I try my best as a physician to make sure that I ask appropriate screening questions of all of my patients who have recently had babies.
For the first two weeks after having my daughter, the smallest things would send me into a rage (i.e. the dishwasher not being started), and I found my husband incredibly irritating despite his desire to help and comfort me. I would even cry over silly things that I normally wouldn’t bat an eye at. For me, these feelings lasted for about two weeks, and resolved on their own.
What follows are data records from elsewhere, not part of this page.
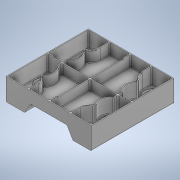
# Autodesk Inventor part: WarSunTray
Saved by Autodesk Inventor 2021 (Build 250183000, 183)
## iProperties
Created: 2023-03-17
Part Number: WarSunTray
Material: ABS Plastic
Document SubType Name: Modeling
Designer: Bradley
Density: 1.06 g/cm^3
Appearance: Smooth - Medium Gray
Author: Bradley
Autodesk Inventor part; units mm, degrees
ref_plane "YZ Plane" through (0, 0, 0) normal (1, 0, 0) x (0, 1, 0)
ref_plane "XZ Plane" through (0, 0, 0) normal (0, 1, 0) x (-1, 0, 0)
ref_plane "XY Plane" through (0, 0, 0) normal (0, 0, 1) x (1, 0, 0)
sketch "Sketch1" plane through (0, 0, 0) normal (0, 0, 1) x (1, 0, 0)
  line L0 (-74, 20.1) -> (-74, -17.9)
  line L1 (-74, -17.9) -> (-41.627, -17.9)
  line L2 (-41.627, -17.9) -> (-31.2924, 0)
  line L3 (-31.2924, 0) -> (31.2924, 0)
  line L4 (31.2924, 0) -> (41.627, -17.9)
  line L5 (41.627, -17.9) -> (74, -17.9)
  line L6 (74, -17.9) -> (74, 20.1)
  line L7 (-74, 20.1) -> (74, 20.1)
  line L8 (-31.2924, -0.5) -> (31.2924, -0.5) construction
  line L9 (31.2924, -0.5) -> (62.5848, -54.7) construction
  line L10 (62.5848, -54.7) -> (31.2924, -108.9) construction
  line L11 (31.2924, -108.9) -> (-31.2924, -108.9) construction
  line L12 (-31.2924, -108.9) -> (-62.5848, -54.7) construction
  line L13 (-62.5848, -54.7) -> (-31.2924, -0.5) construction
  line L14 (-74, -13.9) -> (-40.4723, -13.9)
  line L15 (-40.4723, -13.9) -> (-20.8423, 20.1)
  point P0 (0, 0)
  point P1 (0, 0)
  point P2 (0, 20.1)
  point P3 (0, -54.7)
  dimension "d0" = 74
  dimension "d2" = 38
  dimension "d3" = 108.4
  dimension "d4" = 0.5
  dimension "d5" = 0.25
  dimension "d6" = 91
  dimension "d53" = 20.1
  dimension "d115" = 4
  dimension "d116" = 1
  constraints: 32 end point, 4 point on line, 3 parallel, 3 perpendicular, 2 horizontal, 2 midpoint, 2 vertical alignment, 1 coincident, 1 collinear, 1 vertical, 13 other
  measures "d0" distance from line of point (0, 0) L0
  measures "d2" distance of L0.start L0.end
  measures "d3" distance between parallel lines of L11 L8
  measures "d4" distance between parallel lines of L8 L3
  measures "d5" distance between parallel lines of L13 L2
  measures "d6" distance between parallel lines of L11 L1
  measures "d53" distance between parallel lines of L3 L7
  measures "d115" distance between parallel lines of L1 L14
  measures "d116" distance between parallel lines of L2 L15
extrude "Extrusion1" add sketch "Sketch1" along normal mid plane 142.25
fillet "Fillet1" radius 2 6 edges at (-31.2924, 0, 0) (31.2924, 0, 0) (41.627, -17.9, 0) (-41.627, -17.9, 0) (-74, -17.9, 0) (74, -17.9, 0)
sketch "Sketch2" plane through (-74, 20.1, 71.125) normal (0, 1, 0) x (1, 0, 0)
  line L0 (0, 142.25) -> (0, 0) projected
  line L1 (148, 0) -> (0, 0) projected
  line L2 (148, 142.25) -> (148, 0) projected
  line L3 (0, 142.25) -> (148, 142.25) projected
  circle A0 centre (20.5, 125.35) radius 16 construction
  circle A1 centre (20.5, 125.35) radius 16.5 construction
  circle A2 centre (20.5, 125.35) radius 11.5 construction
  circle A3 centre (20.5, 125.35) radius 11.75
  circle A4 centre (20.5, 125.35) radius 16.9 construction
  line L4 (0, 142.25) -> (148, 142.25) construction
  line L5 (148, 142.25) -> (148, 0) construction
  line L6 (148, 0) -> (0, 0) construction
  line L7 (0, 142.25) -> (0, 0) construction
  line L8 (20.5, 125.35) -> (20.5, 141.85) construction
  line L9 (3.6, 140.65) -> (35, 140.65)
  line L10 (37, 138.65) -> (37, 125.35)
  line L11 (25, 71.925) -> (3.6, 71.925)
  line L12 (1.6, 73.925) -> (1.6, 138.65)
  arc A5 (3.6, 140.65) -> (1.6, 138.65) centre (3.6, 138.65) ccw
  arc A6 (37, 138.65) -> (35, 140.65) centre (35, 138.65) ccw
  arc A7 (1.6, 73.925) -> (3.6, 71.925) centre (3.6, 73.925) ccw
  line L13 (32.9504, 142.25) -> (32.9504, 0) projected
  line L14 (31.2183, 0) -> (31.2183, 142.25) projected
  circle A8 centre (16.9, 93.5531) radius 16.9 construction
  circle A9 centre (16.9, 93.5531) radius 16.5 construction
  circle A10 centre (16.9, 93.5531) radius 16 construction
  circle A11 centre (16.9, 93.5531) radius 11.75
  line L15 (26.543, 37.2404) -> (20.9266, 95.2817) construction
  line L16 (20.9266, 95.2817) -> (68.3836, 129.1663) construction
  line L17 (68.3836, 129.1663) -> (121.457, 105.0096) construction
  line L18 (121.457, 105.0096) -> (127.0734, 46.9683) construction
  line L19 (127.0734, 46.9683) -> (79.6164, 13.0837) construction
  line L20 (79.6164, 13.0837) -> (26.543, 37.2404) construction
  arc A12 (8.9852, 93.4488) -> (26.0637, 42.1938) centre (106.1816, 97.3624) ccw construction
  arc A13 (8.9852, 93.4488) -> (21.6672, 87.6277) centre (25.1434, 111.9261) ccw construction
  circle A14 centre (20.5, 125.35) radius 4 construction
  circle A15 centre (16.9, 93.5531) radius 4 construction
  circle A16 centre (16.9, 48.6969) radius 4 construction
  line L21 (16.9, 93.5531) -> (16.9, 48.6969) construction
  circle A17 centre (16.9, 93.5531) radius 4.4083 construction
  circle A18 centre (16.9, 48.6969) radius 4.4083 construction
  arc A19 (26.6774, 140.65) -> (14.3226, 140.65) centre (20.5, 125.35) ccw
  arc A20 (1.6, 99.7305) -> (1.6, 87.3758) centre (16.9, 93.5531) ccw
  line L22 (74, 71.125) -> (26.0731, 36.905)
  line L23 (26.0731, 36.905) -> (20.4011, 95.5209)
  line L24 (20.4011, 95.5209) -> (74, 71.125)
  arc A21 (8.4448, 94.6241) -> (25.5784, 42.017) centre (106.1816, 97.3624) ccw
  arc A22 (8.4448, 94.6241) -> (21.1075, 88.2214) centre (25.1434, 111.9261) ccw
  line L25 (25, 71.925) -> (25, 79.1782)
  arc A23 (25, 79.1782) -> (27.3987, 106.2822) centre (16.9, 93.5531) ccw
  arc A24 (27.8871, 110.596) -> (37, 125.35) centre (20.5, 125.35) ccw
  line L26 (20.5, 125.35) -> (16.9, 93.5531) construction
  line L27 (27.8871, 110.596) -> (27.3987, 106.2822)
  point P0 (16.9, 71.125)
  dimension "d10" = 32
  dimension "d13" = 23
  dimension "d23" = 0.4
  dimension "d26" = 23.5
  dimension "d27" = 33
  dimension "d28" = 2
  dimension "d70" = 4.9765
  dimension "d71" = 7.6898
  dimension "d72" = 101
  dimension "d73" = 97.2752
  dimension "d74" = 24.5458
  dimension "d75" = 8
  dimension "d76" = 12.0624
  dimension "d77" = 5.4473
  dimension "d78" = 1.6
  dimension "d79" = 1.6
  dimension "d80" = 0.8
  dimension "d81" = 20.5
  dimension "d84" = 0.5
  dimension "d85" = 0.5
  dimension "d86" = 0.5
  dimension "d106" = 25
  dimension "d107" = 9
  constraints: 36 end point, 31 point on circle, 25 centre point, 12 coincident, 12 tangent, 11 equal radius, 10 point on line, 4 concentric, 4 parallel, 3 vertical, 1 horizontal, 1 horizontal alignment, 1 midpoint, 1 perpendicular, 1 vertical alignment, 13 other
  measures "d10" diameter of A0
  measures "d13" diameter of A2
  measures "d23" radial gap between concentric circles of A1 A4
  measures "d26" diameter of A3
  measures "d27" diameter of A1
  measures "d28" radius of A5
  measures "d70" distance of L15.start A12.end
  measures "d71" distance of A13.end L15.end
  measures "d72" distance between parallel lines of L18 L15
  measures "d73" radius of A12
  measures "d74" radius of A13
  measures "d75" diameter of A14
  measures "d76" distance from line of A12.start L15
  measures "d77" distance from line of A12.start L16
  measures "d78" distance between parallel lines of L9 L3
  measures "d79" distance between parallel lines of L12 L0
  measures "d80" distance from line of L11 point (16.9, 71.125)
  measures "d81" distance from line of A0.centre L0
  measures "d84" distance between parallel lines of L15 L23
  measures "d85" radial gap between concentric circles of A12 A21
  measures "d86" radial gap between concentric circles of A13 A22
  measures "d106" distance between parallel lines of L0 L25
  measures "d107" distance between parallel lines of L27 L26
extrude "Extrusion2" cut sketch "Sketch2" against normal blind 37 contours L14 A3 | A3 L14 | L24 L23 A22 A21 A11 | A11 L23 L24 | A11 A21 A22 L23
extrude "Extrusion3" cut sketch "Sketch2" against normal blind 27 contours L14 A3 A24 L27 A23 L24 A11 A21 L11 A7 L12 A5 L9 | L9 L13 A24 L14 A3 | L9 A6 L10 A24 L13 | L14 A3 | A3 L14 | A23 L25 L11 L23 A11 L24 L14 | L14 L24 L13 A23 | L13 L24 A23 | L14 A23 L13 L24 | A23 L24 L13 | L24 L23 A22 A21 A11 | A11 L23 L24 | L11 A21 A11 L23 | A11 A21 A22 L23
chamfer "Chamfer1" distance 2 angle 45 2 edges at (-65.25, -6.9, -54.225) (-68.85, -6.9, -22.4281)
fillet "Fillet3" radius 1 17 edges at (-65.25, -16.9, -54.225) (-65.25, -8.9, -54.225) (-67.25, -6.9, -54.225) (-39.4619, -6.9, -45.5543) (-71.8142, -6.9, -68.9392) (-72.4, -6.9, -35.1625) (-54.7, -6.9, -69.525) (-37.5858, -6.9, -68.9392) (-37, -6.9, -60.875) (-59.7, -6.9, -0.8) (-71.8142, -6.9, -1.3858) (-40.6642, -6.9, -20.9736) (-70.85, -6.9, -22.4281) (-68.85, -8.9, -22.4281) (-68.85, -16.9, -22.4281) (-46.3571, -6.9, -37.3141) (-49, -6.9, -4.4266)
fillet "Fillet3" radius 2 1 edges at (-49, 6.6, -0.8)
fillet "Fillet3" radius 3 3 edges at (-46.6013, 6.6, -35.1572) (-46.1129, 6.6, -39.471) (-49, 6.6, -8.0532)
sketch "Sketch6" plane through (-74, 20.1, 71.125) normal (0, 1, 0) x (1, 0, 0)
  arc A0 (26.2923, 79.9872) -> (25, 77.5207) centre (28, 77.5207) ccw projected
  line L0 (25, 77.5207) -> (25, 73.925) projected
  arc A1 (23, 71.925) -> (25, 73.925) centre (23, 73.925) ccw projected
  line L1 (23, 71.925) -> (3.6, 71.925) projected
  arc A2 (1.6, 73.925) -> (3.6, 71.925) centre (3.6, 73.925) ccw projected
  line L2 (1.6, 73.925) -> (1.6, 138.65) projected
  arc A3 (3.6, 140.65) -> (1.6, 138.65) centre (3.6, 138.65) ccw projected
  line L3 (3.6, 140.65) -> (35, 140.65) projected
  arc A4 (37, 138.65) -> (35, 140.65) centre (35, 138.65) ccw projected
  line L4 (37, 138.65) -> (37, 125.35) projected
  arc A5 (29.1262, 111.2845) -> (37, 125.35) centre (20.5, 125.35) ccw projected
  arc A6 (29.1262, 111.2845) -> (27.7137, 109.0646) centre (30.6946, 108.7271) ccw projected
  line L5 (27.7137, 109.0646) -> (27.572, 107.8135) projected
  arc A7 (27.572, 107.8135) -> (28.4525, 105.334) centre (30.553, 107.476) ccw projected
  arc A8 (26.2923, 79.9872) -> (28.4525, 105.334) centre (16.9, 93.5531) ccw projected
  line L6 (0, 142.25) -> (0, 0) projected
  line L7 (148, 0) -> (0, 0) projected
  line L8 (148, 142.25) -> (148, 0) projected
  line L9 (0, 142.25) -> (148, 142.25) projected
  line L10 (38.6, 125.35) -> (38.6, 138.65)
  arc A9 (38.6, 138.65) -> (33.6952, 142.0052) centre (35, 138.65) ccw
  line L11 (33.6952, 142.0052) -> (27.6776, 142.0052)
  arc A10 (27.8624, 142.4398) -> (27.6776, 142.0052) centre (30.8912, 140.8951) ccw
  arc A11 (27.8624, 142.4398) -> (15.9376, 142.4398) centre (21.9, 125.35) ccw
  arc A12 (14.8176, 142.25) -> (15.9376, 142.4398) centre (14.8176, 145.65) ccw
  line L12 (14.8176, 142.25) -> (3.6, 142.25)
  arc A13 (3.6, 142.25) -> (0, 138.65) centre (3.6, 138.65) ccw
  line L13 (0, 138.65) -> (0, 100.3193)
  arc A14 (-0.1898, 99.1993) -> (0, 100.3193) centre (-3.4, 100.3193) ccw
  arc A15 (-0.1898, 99.1993) -> (-0.1898, 87.2745) centre (16.9, 93.2369) ccw
  arc A16 (0, 86.1545) -> (-0.1898, 87.2745) centre (-3.4, 86.1545) ccw
  line L14 (0, 86.1545) -> (0, 73.925)
  arc A17 (0, 73.925) -> (3.6, 70.325) centre (3.6, 73.925) ccw
  line L15 (3.6, 70.325) -> (23, 70.325)
  arc A18 (23, 70.325) -> (26.6, 73.925) centre (23, 73.925) ccw
  line L16 (26.6, 73.925) -> (26.6, 77.5207)
  arc A19 (27.2031, 78.6717) -> (26.6, 77.5207) centre (28, 77.5207) ccw
  arc A20 (27.2031, 78.6717) -> (29.5728, 106.4764) centre (16.9, 93.5531) ccw
  arc A21 (29.1619, 107.6335) -> (29.5728, 106.4764) centre (30.553, 107.476) ccw
  line L17 (29.1619, 107.6335) -> (29.3035, 108.8846)
  arc A22 (29.9627, 109.9206) -> (29.3035, 108.8846) centre (30.6946, 108.7271) ccw
  arc A23 (29.9627, 109.9206) -> (38.6, 125.35) centre (20.5, 125.35) ccw
  arc A24 (40.6, 140.65) -> (38.6, 138.65) centre (40.6, 138.65) ccw
  arc A25 (26.6, 73.925) -> (28.6, 71.925) centre (28.6, 73.925) ccw
  arc A26 (71.2, 71.925) -> (73.2, 73.925) centre (71.2, 73.925) ccw
  arc A27 (73.2, 138.65) -> (71.2, 140.65) centre (71.2, 138.65) ccw
  line L18 (40.6, 140.65) -> (71.2, 140.65)
  line L19 (73.2, 138.65) -> (73.2, 73.925)
  line L20 (71.2, 71.925) -> (28.6, 71.925)
  line L21 (43.8623, 142.25) -> (43.8623, 0) projected
  line L22 (38.3326, 122.25) -> (43.8623, 122.25)
  point P0 (74, 71.125)
  point P1 (43.8623, 71.925)
  point P2 (43.8623, 140.65)
  dimension "d110" = 0.8
  dimension "d121" = 20
  constraints: 39 point on circle, 24 end point, 19 centre point, 8 tangent, 2 collinear, 2 equal radius, 1 parallel, 1 perpendicular, 1 point on line, 1 vertical, 12 other
  measures "d110" distance from line of point (74, 71.125) L19
  measures "d121" distance between parallel lines of L22 L9
extrude "Extrusion8" cut sketch "Sketch6" against normal blind 19.1 contours A24 L18 L21 L22 A23 L10 | L18 A27 L19 A26 L20 L21 | L20 A25 L16 A19 A20 A21 L17 A22 A23 L22 L21
fillet "Fillet4" radius 1 8 edges at (-1.3858, 1, -1.3858) (-0.8, 1, -35.1625) (-1.3858, 1, -68.9392) (-18.1, 1, -69.525) (-34.8142, 1, -68.9392) (-35.4, 1, -60.875) (-37.7062, 1, -45.3838) (-24.1, 1, -0.8)
mirror "Mirror1" about plane through (0, 0, 0) normal (1, 0, 0) of "Extrusion2", "Extrusion3", "Chamfer1", "Fillet3", "Extrusion8", "Fillet4"
mirror "Mirror2" about plane through (0, 0, 0) normal (0, 0, 1) of "Extrusion2", "Extrusion3", "Chamfer1", "Fillet3", "Mirror1", "Extrusion8", "Fillet4"
extrude "Extrusion6" cut sketch "Sketch2" against normal blind 2 contours L22 L23 L11 L25 A23 L14 | L14 A23 L13 L22 | L13 A23 L24 L22 | A23 L25 L11 L23 A11 L24 L14 | L14 L24 L13 A23 | L13 L24 A23 | A21 L11 L23 | A11 L23 L24 | L11 A21 A11 L23 | A11 A21 A22 L23 picked at (31.4569, 87.5684) picked at (32.9523, 89.7631)
pattern_circular "Circular Pattern1" count 6 over 360 about axis through (0, -10, 0) along (0, 1, 0) of "Extrusion6"
equation "\"d2\" = Depth"
equation "\"d3\" = Outside"
equation "\"Depth\" = 38"
equation "\"Outside\" = 108.4"
body "Solid1"

I was very fortunate that i did not go on to suffer from postpartum depression – an illness that is very common, which can go unrecognized and lead to great impacts on a moms functioning and mental well-being.
There are many women who do suffer from postpartum depression and do not seek medical attention for many reasons – guilt, lack of time, lack of family support or encouragement, finances, and the stigma behind mental illnesses to name a few.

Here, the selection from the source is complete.